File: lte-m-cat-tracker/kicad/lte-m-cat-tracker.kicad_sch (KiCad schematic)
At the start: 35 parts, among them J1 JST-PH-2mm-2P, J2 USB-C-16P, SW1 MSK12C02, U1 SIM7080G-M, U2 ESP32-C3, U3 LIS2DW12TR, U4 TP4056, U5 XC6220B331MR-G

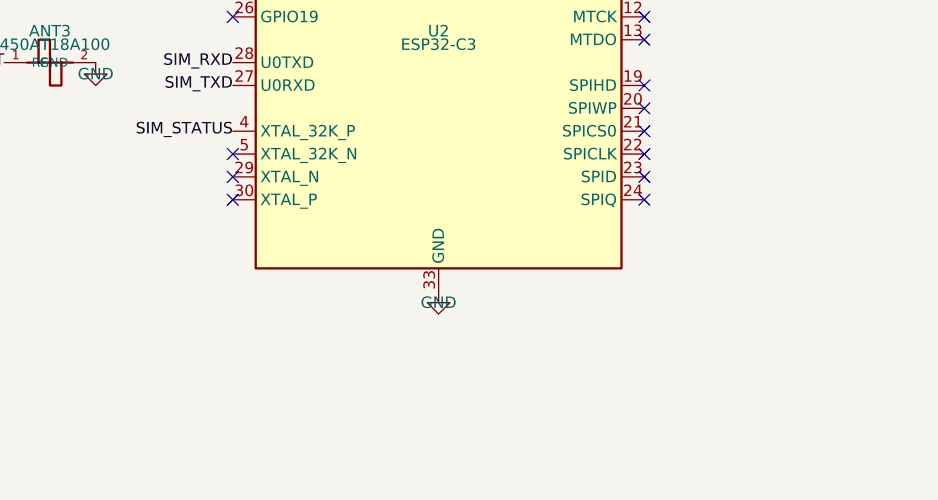
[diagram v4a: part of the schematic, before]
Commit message: 回路図に水晶Y1(C648974)+C16/C17を反映・schematic-parity解消（ネットリスト検証でPCBと一致確認・ERC水晶起因エラーなし）
Co-Authored-By: Claude Fable 5 <noreply@anthropic.com>
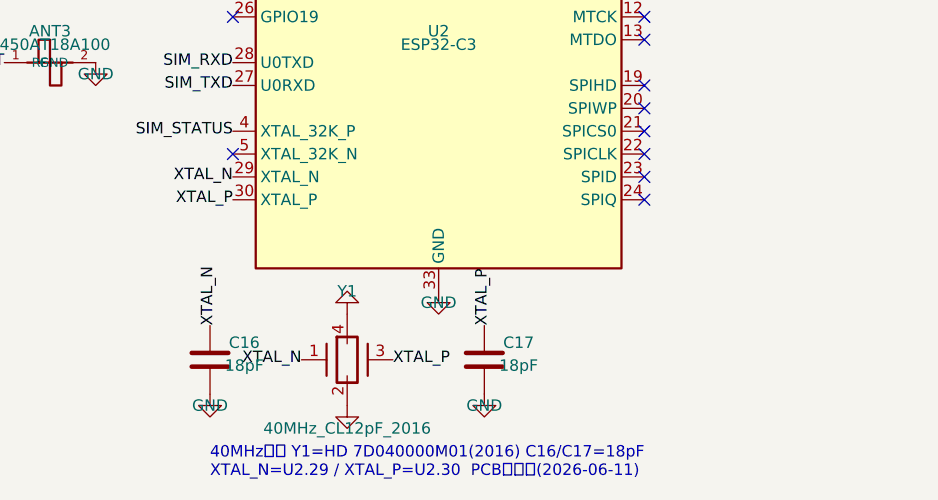
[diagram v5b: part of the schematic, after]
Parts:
- added C16, C17: 18pF, Capacitor_SMD:C_0402_1005Metric, symbol Device:C
- added Y1: 40MHz_CL12pF_2016, Crystal:Crystal_SMD_2016-4Pin_2.0x1.6mm, symbol Device:Crystal_GND24
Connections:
- net GND: now also C16.2, C17.2, Y1.2, Y1.4
- net XTAL_N: now reaches U2.29 (XTAL_N)
- net XTAL_N: now also C16.1, Y1.1
- net XTAL_P: now reaches U2.30 (XTAL_P)
- net XTAL_P: now also C17.1, Y1.3
- no-connect marks 27 -> 25
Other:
- note added: "40MHz水晶 Y1=HD 7D040000M01(2016) C16/C17=18pF XTAL_N=U2.29 / XTAL_P=U2.30 PCB実装済(2026-06-11)"
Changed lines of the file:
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@@
   (no_connect (at 111.76 215.9))
   (no_connect (at 66.04 210.82))
-  (no_connect (at 66.04 213.36))
-  (no_connect (at 66.04 215.9))
   (symbol (lib_id "Device:C") (at 63.49999999999999 165.1 0) (unit 1)
     (exclude_from_sim no)(in_bom yes)(on_board yes)
@@
     (property "Value" "GND"(at 93.98 81.28 0)(effects(font(size 1.27 1.27))))
     (property "Footprint" ""(at 93.98 80.01 0)(effects(font(size 1.27 1.27))hide)))
-)
+  (label "XTAL_N" (at 66.04 213.36 180)
+    (effects(font(size 1.27 1.27))(justify right))
+)
+  (label "XTAL_P" (at 66.04 215.9 180)
+    (effects(font(size 1.27 1.27))(justify right))
+)
+  (symbol (lib_id "Device:Crystal_GND24") (at 78.74 233.68 0) (unit 1)
+    (exclude_from_sim no)(in_bom yes)(on_board yes)
+    (property "Reference" "Y1" (at 78.74 226.06 0)(effects(font(size 1.27 1.27))))
+    (property "Value" "40MHz_CL12pF_2016" (at 78.74 241.3 0)(effects(font(size 1.27 1.27))))
+    (property "Footprint" "Crystal:Crystal_SMD_2016-4Pin_2.0x1.6mm" (at 78.74 233.68 0)(effects(font(size 1.27 1.27))hide))
+    (property "LCSC" "C648974" (at 78.74 233.68 0)(effects(font(size 1.27 1.27))hide))
+  )
+  (label "XTAL_N" (at 73.66 233.68 180)
+    (effects(font(size 1.27 1.27))(justify right))
+)
+  (label "XTAL_P" (at 83.82 233.68 0)
+    (effects(font(size 1.27 1.27))(justify left))
+)
+  (symbol (lib_id "power:GND") (at 78.74 238.76 0)(unit 1)
+    (exclude_from_sim no)(in_bom no)(on_board no)
+    (property "Reference" "#PWR"(at 78.74 241.3 0)(effects(font(size 1.27 1.27))hide))
+    (property "Value" "GND"(at 78.74 240.03 0)(effects(font(size 1.27 1.27))hide))
+    (property "Footprint" ""(at 78.74 238.76 0)(effects(font(size 1.27 1.27))hide)))
+  (symbol (lib_id "power:GND") (at 78.74 228.6 180)(unit 1)
+    (exclude_from_sim no)(in_bom no)(on_board no)
+    (property "Reference" "#PWR"(at 78.74 226.06 0)(effects(font(size 1.27 1.27))hide))
+    (property "Value" "GND"(at 78.74 227.33 0)(effects(font(size 1.27 1.27))hide))
+    (property "Footprint" ""(at 78.74 228.6 0)(effects(font(size 1.27 1.27))hide)))
+  (symbol (lib_id "Device:C") (at 63.5 233.68 0) (unit 1)
+    (exclude_from_sim no)(in_bom yes)(on_board yes)
+    (property "Reference" "C16" (at 67.31 231.775 0)(effects(font(size 1.27 1.27))))
+    (property "Value" "18pF" (at 67.31 234.315 0)(effects(font(size 1.27 1.27))))
+    (property "Footprint" "Capacitor_SMD:C_0402_1005Metric" (at 63.5 233.68 0)(effects(font(size 1.27 1.27))hide))
+    (property "LCSC" "C1555(発注前要確認)" (at 63.5 233.68 0)(effects(font(size 1.27 1.27))hide))
+  )
+  (label "XTAL_N" (at 63.5 229.87 270)
+    (effects(font(size 1.27 1.27))(justify left))
+)
+  (symbol (lib_id "power:GND") (at 63.5 237.49 0)(unit 1)
+    (exclude_from_sim no)(in_bom no)(on_board no)
+    (property "Reference" "#PWR"(at 63.5 240.03 0)(effects(font(size 1.27 1.27))hide))
+    (property "Value" "GND"(at 63.5 238.76 0)(effects(font(size 1.27 1.27))))
+    (property "Footprint" ""(at 63.5 237.49 0)(effects(font(size 1.27 1.27))hide)))
+  (symbol (lib_id "Device:C") (at 93.98 233.68 0) (unit 1)
+    (exclude_from_sim no)(in_bom yes)(on_board yes)
+    (property "Reference" "C17" (at 97.79 231.775 0)(effects(font(size 1.27 1.27))))
+    (property "Value" "18pF" (at 97.79 234.315 0)(effects(font(size 1.27 1.27))))
+    (property "Footprint" "Capacitor_SMD:C_0402_1005Metric" (at 93.98 233.68 0)(effects(font(size 1.27 1.27))hide))
+    (property "LCSC" "C1555(発注前要確認)" (at 93.98 233.68 0)(effects(font(size 1.27 1.27))hide))
+  )
+  (label "XTAL_P" (at 93.98 229.87 270)
+    (effects(font(size 1.27 1.27))(justify left))
+)
+  (symbol (lib_id "power:GND") (at 93.98 237.49 0)(unit 1)
+    (exclude_from_sim no)(in_bom no)(on_board no)
+    (property "Reference" "#PWR"(at 93.98 240.03 0)(effects(font(size 1.27 1.27))hide))
+    (property "Value" "GND"(at 93.98 238.76 0)(effects(font(size 1.27 1.27))))
+    (property "Footprint" ""(at 93.98 237.49 0)(effects(font(size 1.27 1.27))hide)))
+  (text "40MHz水晶 Y1=HD 7D040000M01(2016) C16/C17=18pF\nXTAL_N=U2.29 / XTAL_P=U2.30  PCB実装済(2026-06-11)"
+    (at 63.5 245.11 0)(effects(font(size 1.27 1.27))(justify left)))
+)

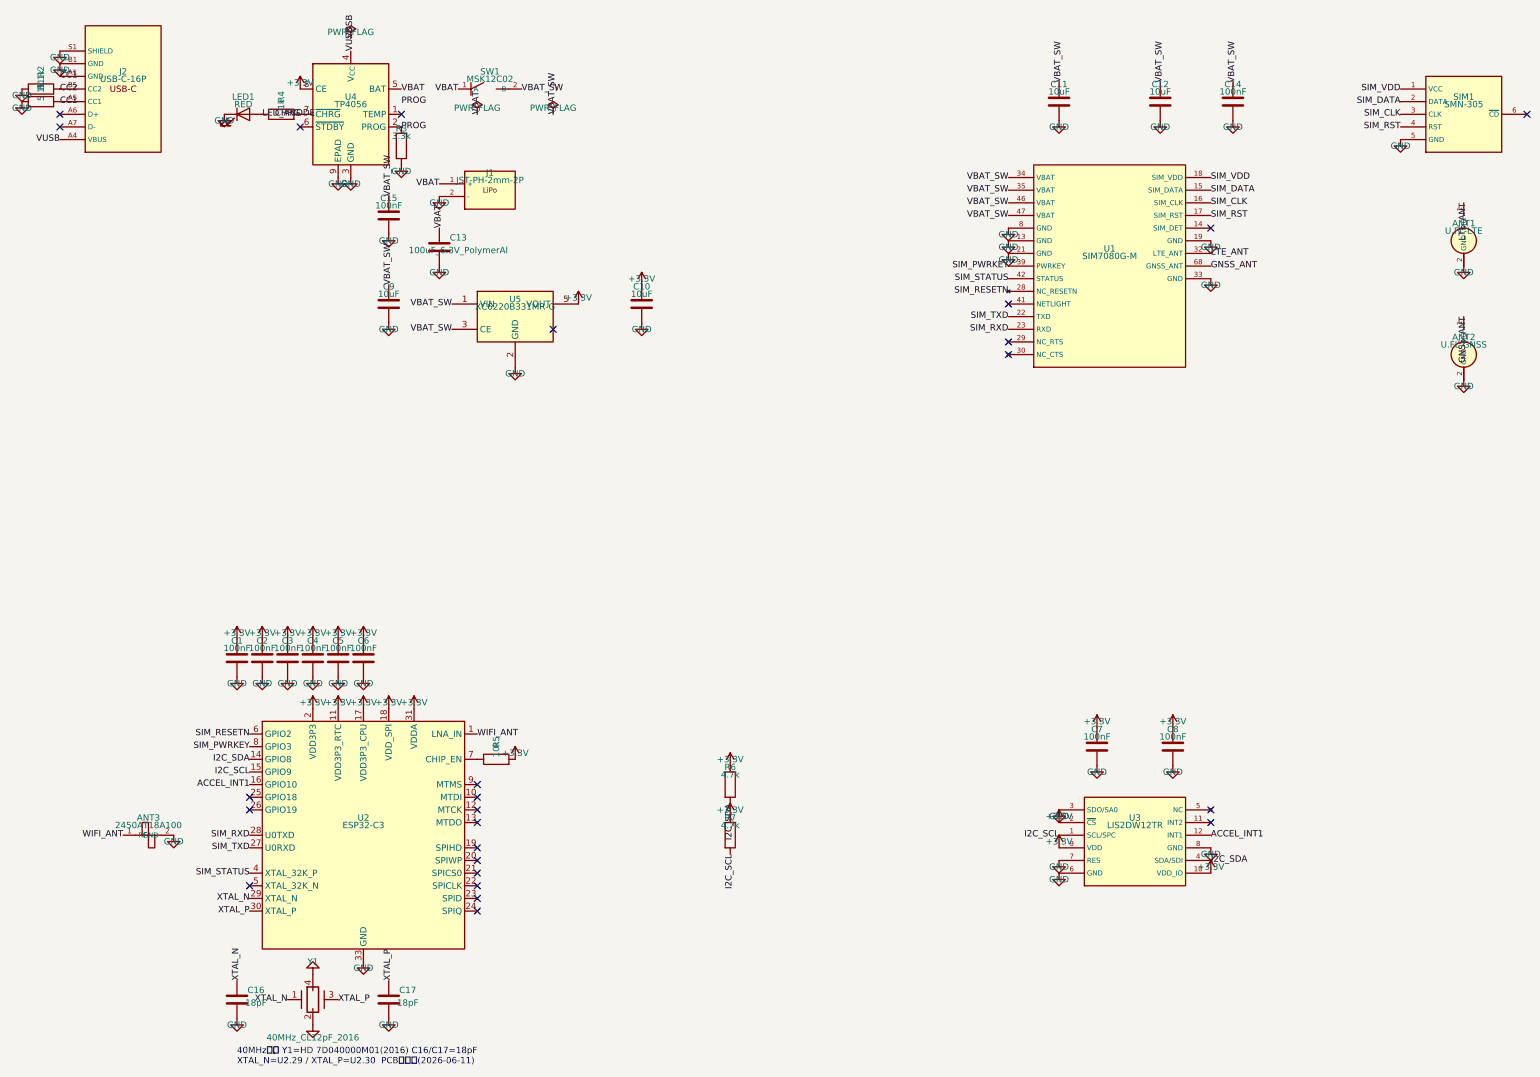
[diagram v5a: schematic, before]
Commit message: 回路図同期完了: UART1ピン修正・VDD_EXT/U6/C18/C19追加・netlist検証でPCBと一致
- U1シンボル TXD/RXD 22/23→1/2・pin46/47 NC化・VDD_EXTピン40新設
- SIM_RESETN消滅・U2側_33ネット化・U6(TXB0104)シンボル+パスコン2個
- フットプリント実体化(TXB0104_RGY14/C_0402)・ERC24件(増分は許容クラス)

Co-Authored-By: Claude Fable 5 <noreply@anthropic.com>
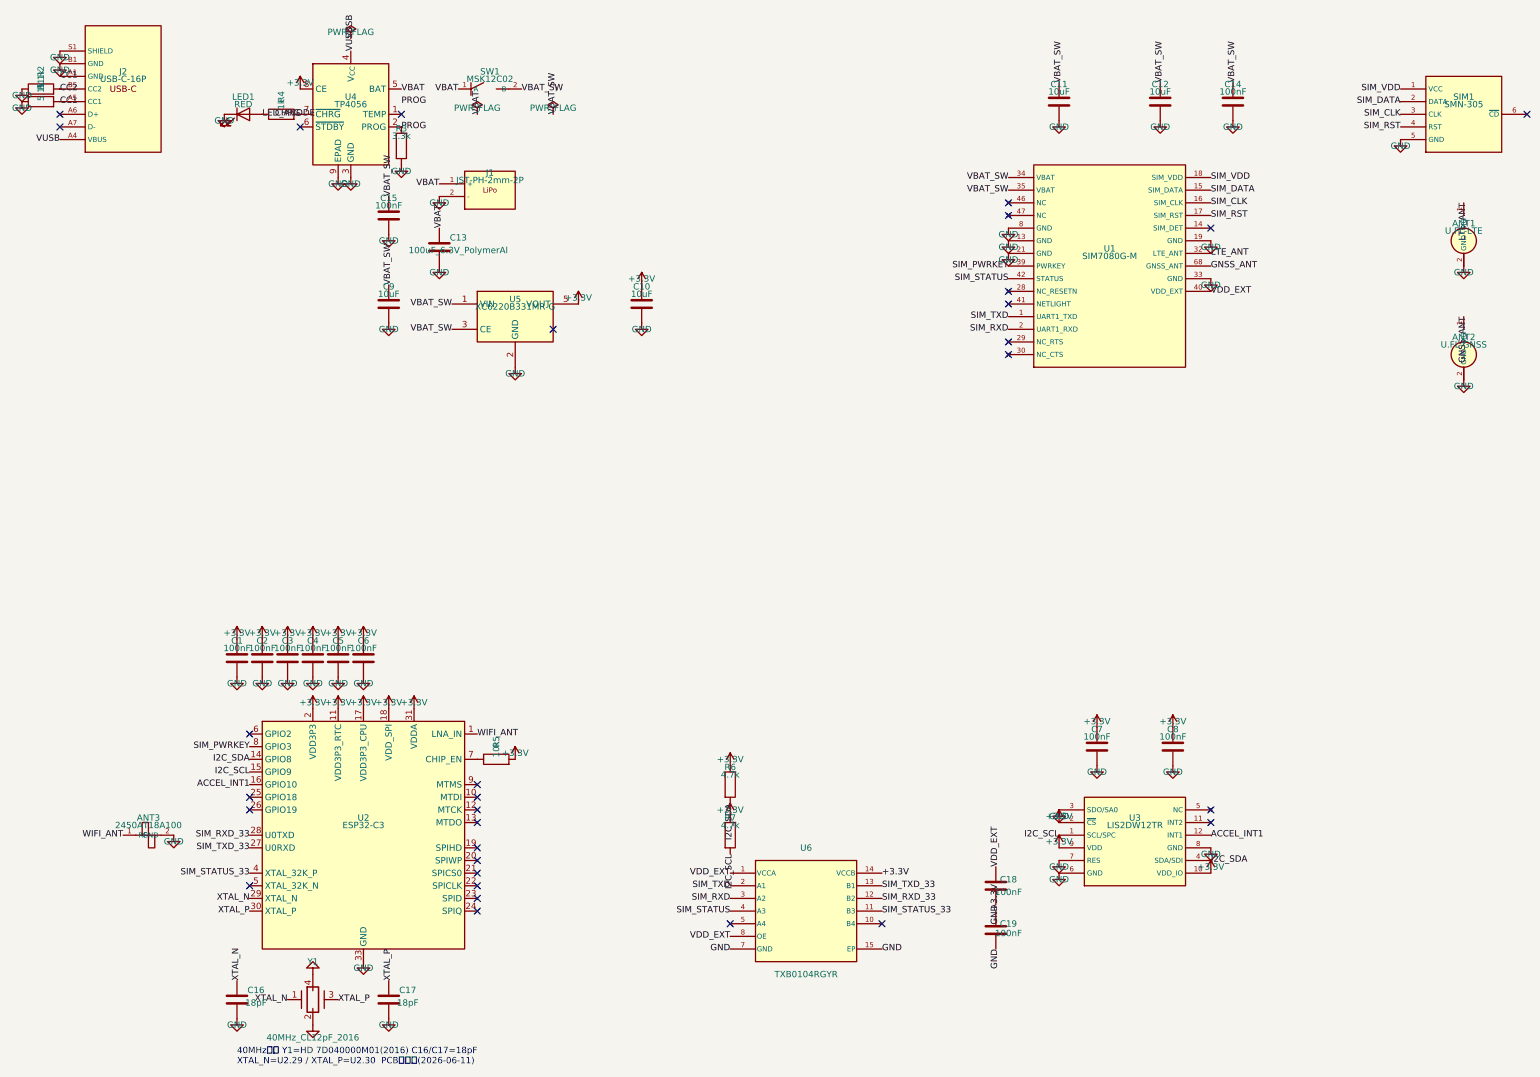
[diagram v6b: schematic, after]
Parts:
- added C18, C19: 100nF, lte-m-custom:C_0402, symbol Device:C
- added U6: TXB0104RGYR, lte-m-custom:TXB0104_RGY14, symbol Custom:TXB0104
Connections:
- net +3.3V: now also C19.1, U6.14 (VCCB)
- net GND: now also C18.2, C19.2, U6.15 (EP), U6.7 (GND)
- net SIM_RXD: now also U1.2 (UART1_RXD), U6.3 (A2); no longer U1.23 (RXD), U2.28 (U0TXD)
- net SIM_STATUS: now also U6.4 (A3); no longer U2.4 (XTAL_32K_P)
- net SIM_TXD: now also U1.1 (UART1_TXD), U6.2 (A1); no longer U1.22 (TXD), U2.27 (U0RXD)
- net VBAT_SW: no longer U1.46 (VBAT), U1.47 (VBAT)
- net SIM_RESETN: no longer names the net of U1.28 (NC_RESETN)
- net SIM_RESETN: no longer U2.6 (GPIO2)
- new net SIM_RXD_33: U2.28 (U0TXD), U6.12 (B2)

_ _ _ _ _ _ _

-- Task prompt --
What is the number of lines in the listing above that contain the word "before"? Reply with that number alone.

-- Solved problem --
2